I've only used 35 of my 50 tracks on the free version. Once I get my royalty statement and I see which tracks are more popular, I'll fill up the rest of those slots.

I think it's pretty cool! And if I keep having success in the library I work with, I may upgrade to 100 tracks.


----------



## reddognoyz (Jan 5, 2016)

I think it's am awesome tool, I know the developer and have had a few chats with him about tunesat. At the time the international coverage wasn't enough for it to be that helpful for me, but I will check again. I have done a little library music in the past, and it happened to be with his company. Those tracks have been well represented with my prs!


----------



## rgames (Jan 5, 2016)

I used it for a couple years a few years ago. It works as advertised but it wasn't useful because it was so expensive for any meaningful number of tracks: how do you decide what to monitor? Sure, it picks up some uses that don't show up on your PRO statements but your PRO statements also show uses that don't show up on Tunesat because there's no cost-effective way to monitor your entire library. And when your PRO does miss the use (ASCAP in my case), they don't give a damn about TuneSat reports. So you paid for info that can't be used for anything.
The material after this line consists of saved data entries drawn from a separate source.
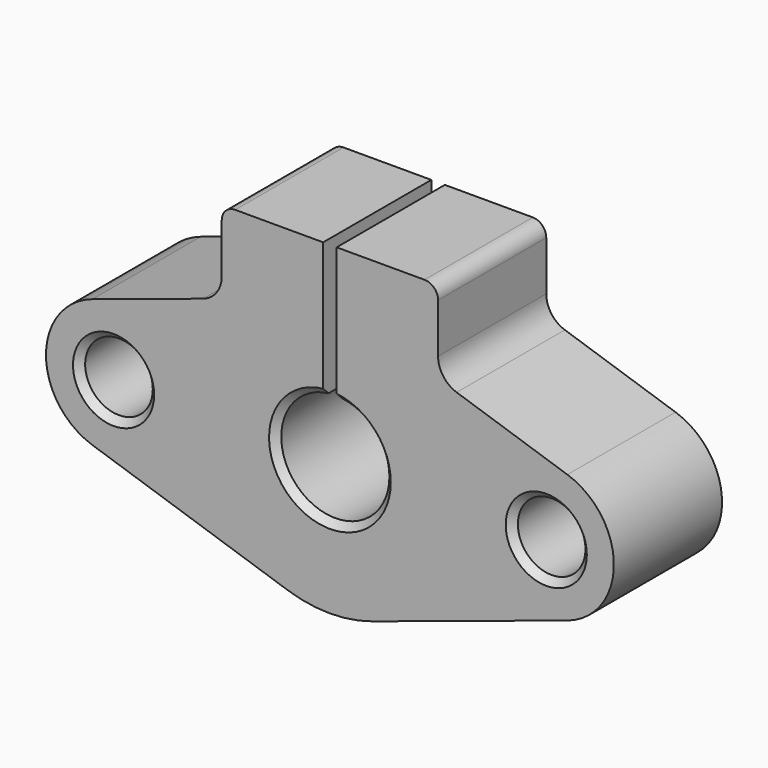
from build123d import *

# Parameters (mm, degrees)
F0_R     = 2.5
F1_DEPTH = 10
F2_SIZE  = 0.5


# Not quite as in the source:
# - a feature names something its author has since deleted; it is built from what else it names


with BuildPart() as f1:
    # F0 (on Front) → F1 (new body)
    with BuildSketch(Plane.XZ):
        with BuildLine():
            Line((0.5, 14), (0.5, 9.9874921777))
            ThreePointArc((0.5, 9.9874921777), (7.2456883731, 6.892024376), (10, 0))
            ThreePointArc((10, 0), (8.100925873, -5.8630196998), (3.125, -9.499177596))
            Line((3.125, -9.499177596), (17.5625, -4.749588798))
            ThreePointArc((17.5625, -4.749588798), (11, 0), (17.5625, 4.749588798))
            Line((17.5625, 4.749588798), (9.375, 7.4430785492))
            ThreePointArc((9.375, 7.4430785492), (8.3798148254, 8.1703101285), (8, 9.3429140684))
            Line((8, 9.3429140684), (8, 13))
            ThreePointArc((8, 13), (7.7071067812, 13.7071067812), (7, 14))
            Line((7, 14), (0.5, 14))
        make_face()
        with BuildLine():
            ThreePointArc((17.5625, 4.749588798), (11, 0), (17.5625, -4.749588798))
            ThreePointArc((17.5625, -4.749588798), (20.0504629365, -2.9315098499), (21, 0))
            ThreePointArc((21, 0), (20.0504629365, 2.9315098499), (17.5625, 4.749588798))
        make_face()
        with Locations((16, 0)):
            Circle(F0_R, mode=Mode.SUBTRACT)
        with BuildLine():
            ThreePointArc((-3.125, -9.499177596), (-9.9104859097, 1.3350164915), (-0.5, 9.9874921777))
            Line((-0.5, 9.9874921777), (-0.5, 14))
            Line((-0.5, 14), (-7, 14))
            ThreePointArc((-7, 14), (-7.7071067812, 13.7071067812), (-8, 13))
            Line((-8, 13), (-8, 9.3429140684))
            ThreePointArc((-8, 9.3429140684), (-8.3798148254, 8.1703101285), (-9.375, 7.4430785492))
            Line((-9.375, 7.4430785492), (-17.5625, 4.749588798))
            ThreePointArc((-17.5625, 4.749588798), (-13.0684901501, 4.0504629365), (-11, 0))
            ThreePointArc((-11, 0), (-13.0684901501, -4.0504629365), (-17.5625, -4.749588798))
            Line((-17.5625, -4.749588798), (-3.125, -9.499177596))
        make_face()
        with BuildLine():
            ThreePointArc((-17.5625, 4.749588798), (-21, 0), (-17.5625, -4.749588798))
            ThreePointArc((-17.5625, -4.749588798), (-13.0684901501, -4.0504629365), (-11, 0))
            ThreePointArc((-11, 0), (-13.0684901501, 4.0504629365), (-17.5625, 4.749588798))
        make_face()
        with Locations((-16, 0)):
            Circle(F0_R, mode=Mode.SUBTRACT)
        with BuildLine():
            ThreePointArc((0.5, 3.9686269666), (3, 2.6457513111), (4, 0))
            ThreePointArc((4, 0), (-2.6457513111, -3), (-0.5, 3.9686269666))
            Line((-0.5, 3.9686269666), (-0.5, 9.9874921777))
            ThreePointArc((-0.5, 9.9874921777), (-9.9104859097, 1.3350164915), (-3.125, -9.499177596))
            ThreePointArc((-3.125, -9.499177596), (0, -10), (3.125, -9.499177596))
            ThreePointArc((3.125, -9.499177596), (8.100925873, -5.8630196998), (10, 0))
            ThreePointArc((10, 0), (7.2456883731, 6.892024376), (0.5, 9.9874921777))
            Line((0.5, 9.9874921777), (0.5, 3.9686269666))
        make_face()
    extrude(amount=F1_DEPTH)

    # F2
    f2_edges = [f1.edges().sort_by_distance(p)[0] for p in [
        (-18.5, -10, 0),
        (0, -10, -4),
        (13.5, -10, 0),
        (13.5, 0, 0),
        (0, 0, -4),
        (-18.5, 0, 0),
    ]]
    chamfer(f2_edges, length=F2_SIZE)


solid = f1.part

In the end I dropped it because I never came close to recovering the cost. In fact, I don't think I ever made a cent off the info. Haven't looked at it in a while, though - maybe they've dropped their prices.

I think it's useful if you own a large library - you can use it to tighten thumbscrews on folks who aren't filing cue sheets. But I think it's basically useless for an individual with only a few hundred tracks.

It might also be useful for cash flow planning. If you monitor thousands of tracks then you probably have a good statistical relationship between the TuneSat reports and what's coming up in the next few quarters. That's handy. But again, probably only handy at the level of many thousands of tracks.

The PROs need to provide this service. Then we can get rid of all the stupid sampling processes and cue sheet neglect that rip us off. One of my fights with ASCAP was based on TuneSat reports that showed huge numbers of plays on a sampled station (NBA channel, I think). Of course, my plays weren't sampled. In the end, ASCAP said "Yeah - TuneSat is cool. Sucks to be you." Wouldn't have been a lot of money, but still... the principle of it...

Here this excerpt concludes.